SakuraNet—Pilot Project of Rural Senior Center
Location: Miyako, Iwate Prefecture
Grant: ¥4,350,000 (approx. US$54,000)
JCIE’s Japan NGO Earthquake Relief and Recovery Fund is providing a grant to SakuraNet, a Japanese NPO, to rebuild and operate a senior daycare center, which will double as a community center, in an isolated area outside of Miyako City, Iwate Prefecture. This grant, which is part of the fund’s focus on long-term recovery and particularly on supporting senior citizens—a large and vulnerable portion of those impacted by the 3/11 disaster—was made possible by MetLife Foundation and other donors to the JCIE fund.
SakuraNet first became engaged in reconstruction efforts following the Great Hanshin Earthquake of 1995. Since that time, it has been carrying out projects to promote education for disaster prevention and mitigation and to build a welfare community that is more resilient against disaster. After the Great East Japan Earthquake struck in 2011, SakuraNet became involved in numerous projects in and around Iwate Prefecture, assisting the operations of volunteer centers, promoting student volunteer activities, and supporting capacity building for local NPOs in Iwate.

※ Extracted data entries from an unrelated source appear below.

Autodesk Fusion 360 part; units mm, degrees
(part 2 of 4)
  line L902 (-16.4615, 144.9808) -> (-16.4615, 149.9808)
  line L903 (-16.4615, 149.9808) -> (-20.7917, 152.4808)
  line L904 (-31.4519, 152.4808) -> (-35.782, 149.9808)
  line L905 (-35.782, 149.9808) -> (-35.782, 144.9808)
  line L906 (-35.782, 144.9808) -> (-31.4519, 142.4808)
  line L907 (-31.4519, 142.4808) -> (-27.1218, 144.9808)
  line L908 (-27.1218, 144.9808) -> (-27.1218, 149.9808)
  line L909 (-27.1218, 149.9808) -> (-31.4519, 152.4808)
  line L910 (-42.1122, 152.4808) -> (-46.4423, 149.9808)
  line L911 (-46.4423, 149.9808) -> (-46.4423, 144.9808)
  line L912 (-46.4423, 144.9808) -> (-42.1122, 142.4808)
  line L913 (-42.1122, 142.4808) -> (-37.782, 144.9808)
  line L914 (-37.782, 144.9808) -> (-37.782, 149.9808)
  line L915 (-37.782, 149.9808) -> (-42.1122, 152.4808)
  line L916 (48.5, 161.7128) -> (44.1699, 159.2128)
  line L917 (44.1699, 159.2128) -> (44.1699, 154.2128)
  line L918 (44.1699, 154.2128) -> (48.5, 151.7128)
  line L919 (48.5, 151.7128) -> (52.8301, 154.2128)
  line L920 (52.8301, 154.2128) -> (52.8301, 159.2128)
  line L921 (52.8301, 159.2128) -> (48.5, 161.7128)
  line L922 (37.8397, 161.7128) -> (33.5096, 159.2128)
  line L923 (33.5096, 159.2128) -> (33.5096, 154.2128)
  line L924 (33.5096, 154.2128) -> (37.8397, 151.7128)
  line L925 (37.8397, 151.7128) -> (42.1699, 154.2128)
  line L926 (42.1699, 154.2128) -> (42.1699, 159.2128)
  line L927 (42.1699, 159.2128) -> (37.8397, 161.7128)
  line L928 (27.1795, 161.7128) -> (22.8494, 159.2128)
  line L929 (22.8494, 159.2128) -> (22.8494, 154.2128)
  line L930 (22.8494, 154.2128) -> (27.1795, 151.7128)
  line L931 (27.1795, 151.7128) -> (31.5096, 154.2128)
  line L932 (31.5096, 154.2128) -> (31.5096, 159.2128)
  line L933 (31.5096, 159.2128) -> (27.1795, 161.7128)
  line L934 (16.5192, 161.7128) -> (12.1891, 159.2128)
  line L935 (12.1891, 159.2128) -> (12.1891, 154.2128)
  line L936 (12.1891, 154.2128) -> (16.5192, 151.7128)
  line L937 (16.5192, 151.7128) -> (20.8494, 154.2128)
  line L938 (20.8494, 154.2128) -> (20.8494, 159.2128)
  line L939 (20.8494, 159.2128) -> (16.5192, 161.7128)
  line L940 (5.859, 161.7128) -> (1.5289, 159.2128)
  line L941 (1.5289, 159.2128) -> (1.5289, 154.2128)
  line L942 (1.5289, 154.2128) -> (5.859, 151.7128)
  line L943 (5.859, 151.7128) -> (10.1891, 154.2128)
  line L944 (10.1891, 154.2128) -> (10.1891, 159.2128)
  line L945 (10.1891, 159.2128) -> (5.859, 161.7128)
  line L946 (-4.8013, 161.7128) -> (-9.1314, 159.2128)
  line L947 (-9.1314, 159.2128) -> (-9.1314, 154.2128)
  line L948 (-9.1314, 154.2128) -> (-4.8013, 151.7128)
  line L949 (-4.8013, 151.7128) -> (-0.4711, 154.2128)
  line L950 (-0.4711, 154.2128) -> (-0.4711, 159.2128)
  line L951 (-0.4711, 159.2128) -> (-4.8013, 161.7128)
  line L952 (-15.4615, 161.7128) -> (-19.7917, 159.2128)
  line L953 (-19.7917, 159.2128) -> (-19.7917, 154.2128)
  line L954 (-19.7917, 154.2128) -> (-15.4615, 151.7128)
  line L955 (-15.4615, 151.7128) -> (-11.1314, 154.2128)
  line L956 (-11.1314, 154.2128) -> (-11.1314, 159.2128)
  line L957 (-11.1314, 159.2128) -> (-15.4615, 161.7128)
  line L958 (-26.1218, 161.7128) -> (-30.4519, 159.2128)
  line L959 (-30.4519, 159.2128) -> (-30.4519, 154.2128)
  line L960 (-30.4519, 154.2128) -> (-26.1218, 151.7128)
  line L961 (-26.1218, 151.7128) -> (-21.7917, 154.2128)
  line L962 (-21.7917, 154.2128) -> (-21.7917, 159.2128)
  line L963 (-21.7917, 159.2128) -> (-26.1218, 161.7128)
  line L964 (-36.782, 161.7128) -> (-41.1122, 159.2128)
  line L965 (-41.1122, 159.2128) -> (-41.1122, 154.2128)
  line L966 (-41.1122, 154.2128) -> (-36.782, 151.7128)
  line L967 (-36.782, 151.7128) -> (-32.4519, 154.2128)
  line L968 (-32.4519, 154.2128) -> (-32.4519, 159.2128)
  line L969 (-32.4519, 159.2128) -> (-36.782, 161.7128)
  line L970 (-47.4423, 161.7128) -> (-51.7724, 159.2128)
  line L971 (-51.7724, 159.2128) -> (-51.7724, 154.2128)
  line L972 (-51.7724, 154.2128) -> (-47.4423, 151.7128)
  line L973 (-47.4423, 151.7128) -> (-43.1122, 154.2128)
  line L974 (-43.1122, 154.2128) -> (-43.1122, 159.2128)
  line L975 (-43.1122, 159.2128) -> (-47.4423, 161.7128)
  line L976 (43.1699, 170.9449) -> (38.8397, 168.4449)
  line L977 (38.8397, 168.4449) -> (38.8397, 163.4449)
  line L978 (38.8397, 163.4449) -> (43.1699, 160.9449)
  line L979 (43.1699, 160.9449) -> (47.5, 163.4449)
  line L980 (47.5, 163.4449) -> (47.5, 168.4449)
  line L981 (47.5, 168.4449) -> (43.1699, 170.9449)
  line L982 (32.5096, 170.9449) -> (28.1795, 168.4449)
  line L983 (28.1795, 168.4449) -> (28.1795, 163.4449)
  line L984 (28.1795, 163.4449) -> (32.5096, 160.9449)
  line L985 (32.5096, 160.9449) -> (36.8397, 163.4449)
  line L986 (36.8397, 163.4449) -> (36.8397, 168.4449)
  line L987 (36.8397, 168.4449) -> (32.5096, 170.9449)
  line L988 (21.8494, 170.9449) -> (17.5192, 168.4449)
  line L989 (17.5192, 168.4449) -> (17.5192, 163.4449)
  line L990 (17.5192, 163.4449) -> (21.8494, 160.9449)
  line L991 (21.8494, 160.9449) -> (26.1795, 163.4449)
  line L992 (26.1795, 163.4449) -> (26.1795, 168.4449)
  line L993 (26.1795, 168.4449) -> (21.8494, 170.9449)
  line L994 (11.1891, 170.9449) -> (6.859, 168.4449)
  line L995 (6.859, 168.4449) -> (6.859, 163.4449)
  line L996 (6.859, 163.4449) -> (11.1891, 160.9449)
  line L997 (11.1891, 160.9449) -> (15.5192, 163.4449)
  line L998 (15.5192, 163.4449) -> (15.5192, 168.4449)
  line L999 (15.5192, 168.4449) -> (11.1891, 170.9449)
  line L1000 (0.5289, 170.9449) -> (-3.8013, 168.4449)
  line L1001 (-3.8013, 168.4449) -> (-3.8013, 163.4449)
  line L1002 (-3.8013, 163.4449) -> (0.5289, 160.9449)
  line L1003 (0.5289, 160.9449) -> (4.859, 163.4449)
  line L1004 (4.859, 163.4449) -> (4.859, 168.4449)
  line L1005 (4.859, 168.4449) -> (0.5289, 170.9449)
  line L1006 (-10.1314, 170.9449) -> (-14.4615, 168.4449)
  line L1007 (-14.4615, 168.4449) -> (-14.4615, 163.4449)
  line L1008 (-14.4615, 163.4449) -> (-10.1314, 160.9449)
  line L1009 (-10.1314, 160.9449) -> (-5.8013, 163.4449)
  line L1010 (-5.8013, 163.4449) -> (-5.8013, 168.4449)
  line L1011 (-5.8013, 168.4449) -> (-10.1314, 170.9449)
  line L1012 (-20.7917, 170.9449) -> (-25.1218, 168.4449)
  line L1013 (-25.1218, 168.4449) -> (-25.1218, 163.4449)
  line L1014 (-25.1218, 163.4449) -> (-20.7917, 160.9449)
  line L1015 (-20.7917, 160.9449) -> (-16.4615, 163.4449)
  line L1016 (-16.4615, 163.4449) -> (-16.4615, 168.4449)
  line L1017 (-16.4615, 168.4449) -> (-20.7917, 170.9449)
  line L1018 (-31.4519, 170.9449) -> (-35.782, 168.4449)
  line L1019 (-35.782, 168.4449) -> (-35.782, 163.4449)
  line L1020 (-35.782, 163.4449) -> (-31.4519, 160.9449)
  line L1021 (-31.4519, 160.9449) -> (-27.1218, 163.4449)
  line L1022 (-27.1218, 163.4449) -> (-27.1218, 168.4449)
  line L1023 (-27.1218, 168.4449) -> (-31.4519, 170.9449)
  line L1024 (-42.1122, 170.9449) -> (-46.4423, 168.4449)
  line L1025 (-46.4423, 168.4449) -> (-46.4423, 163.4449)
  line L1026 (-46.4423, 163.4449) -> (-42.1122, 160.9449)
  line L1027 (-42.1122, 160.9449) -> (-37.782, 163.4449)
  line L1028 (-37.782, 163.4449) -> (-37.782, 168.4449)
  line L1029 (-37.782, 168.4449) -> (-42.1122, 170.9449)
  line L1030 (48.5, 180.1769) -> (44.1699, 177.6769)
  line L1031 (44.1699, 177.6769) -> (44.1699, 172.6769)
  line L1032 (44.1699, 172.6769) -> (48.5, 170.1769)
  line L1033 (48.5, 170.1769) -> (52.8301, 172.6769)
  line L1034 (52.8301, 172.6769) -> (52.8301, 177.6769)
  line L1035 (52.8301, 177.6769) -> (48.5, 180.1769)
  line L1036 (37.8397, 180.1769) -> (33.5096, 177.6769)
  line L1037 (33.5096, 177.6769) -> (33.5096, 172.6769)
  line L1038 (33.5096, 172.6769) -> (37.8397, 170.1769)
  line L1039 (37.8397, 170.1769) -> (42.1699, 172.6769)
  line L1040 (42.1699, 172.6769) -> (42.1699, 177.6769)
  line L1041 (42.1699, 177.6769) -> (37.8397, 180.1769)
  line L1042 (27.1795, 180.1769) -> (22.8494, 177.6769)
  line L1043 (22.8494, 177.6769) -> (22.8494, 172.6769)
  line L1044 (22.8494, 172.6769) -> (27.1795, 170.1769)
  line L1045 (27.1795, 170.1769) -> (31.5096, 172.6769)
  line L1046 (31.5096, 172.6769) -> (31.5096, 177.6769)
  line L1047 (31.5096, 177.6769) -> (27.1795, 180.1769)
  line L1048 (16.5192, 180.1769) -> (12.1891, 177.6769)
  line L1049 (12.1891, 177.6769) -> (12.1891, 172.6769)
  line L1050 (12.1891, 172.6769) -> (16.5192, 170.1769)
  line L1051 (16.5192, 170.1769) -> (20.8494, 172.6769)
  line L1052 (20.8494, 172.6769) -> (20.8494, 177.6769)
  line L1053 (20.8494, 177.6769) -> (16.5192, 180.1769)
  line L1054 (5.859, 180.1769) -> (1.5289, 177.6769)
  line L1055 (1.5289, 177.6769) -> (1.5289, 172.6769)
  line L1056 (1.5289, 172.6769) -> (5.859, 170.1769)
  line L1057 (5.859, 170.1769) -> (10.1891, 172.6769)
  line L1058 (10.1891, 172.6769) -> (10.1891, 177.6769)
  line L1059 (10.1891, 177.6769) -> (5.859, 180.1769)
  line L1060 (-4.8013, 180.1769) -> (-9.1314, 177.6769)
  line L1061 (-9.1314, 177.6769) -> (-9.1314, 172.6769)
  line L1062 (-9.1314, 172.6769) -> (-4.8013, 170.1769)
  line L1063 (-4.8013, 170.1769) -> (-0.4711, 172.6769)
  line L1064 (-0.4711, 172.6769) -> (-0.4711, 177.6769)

Omoe is a fishing community located on a beautiful coastal area of a peninsula. Located one hour away from the downtown area of Miyako, this remote hamlet had been struggling with an aging and declining population in recent years. On 3/11, the massive tsunami hit Omoe, with its waves reaching over 130 feet (40m) at the highest point. The community suffered extensive destruction, and many residents now live in temporary housing. Omoe’s daycare center, which also functioned as a community center and was an important facility for seniors as well as for other residents, was completely destroyed by the tsunami. Because the government reconstruction efforts are focusing first on urban areas, however, the reconstruction of the daycare center in this remote community was put off for an indefinite number of years.
As a result, SakuraNet, in cooperation with Miyako Social Welfare Council, began looking for partners in order to reconstruct the Miyako daycare center as entirely private initiative. This led to the launch of the Miyako Daycare Center Project, involving a group of 30 students from the Department of Architecture and Urban Design at Ritsumeikan University, led by Associate Professor Shinsaku Munemoto. Various benefactors donated lumber and building supplies, and the student-professor team volunteered their expertise, time, and labor. With help from a local carpenter, a senior citizen who resides in the temporary housing next door, the construction was completed in winter 2012. The facility will be used over the next several years by the Miyako Social Welfare Council and others to provide services for seniors. It will also be used as a community center for local residents, and it is expected to contribute to the preservation and revitalization of the local community.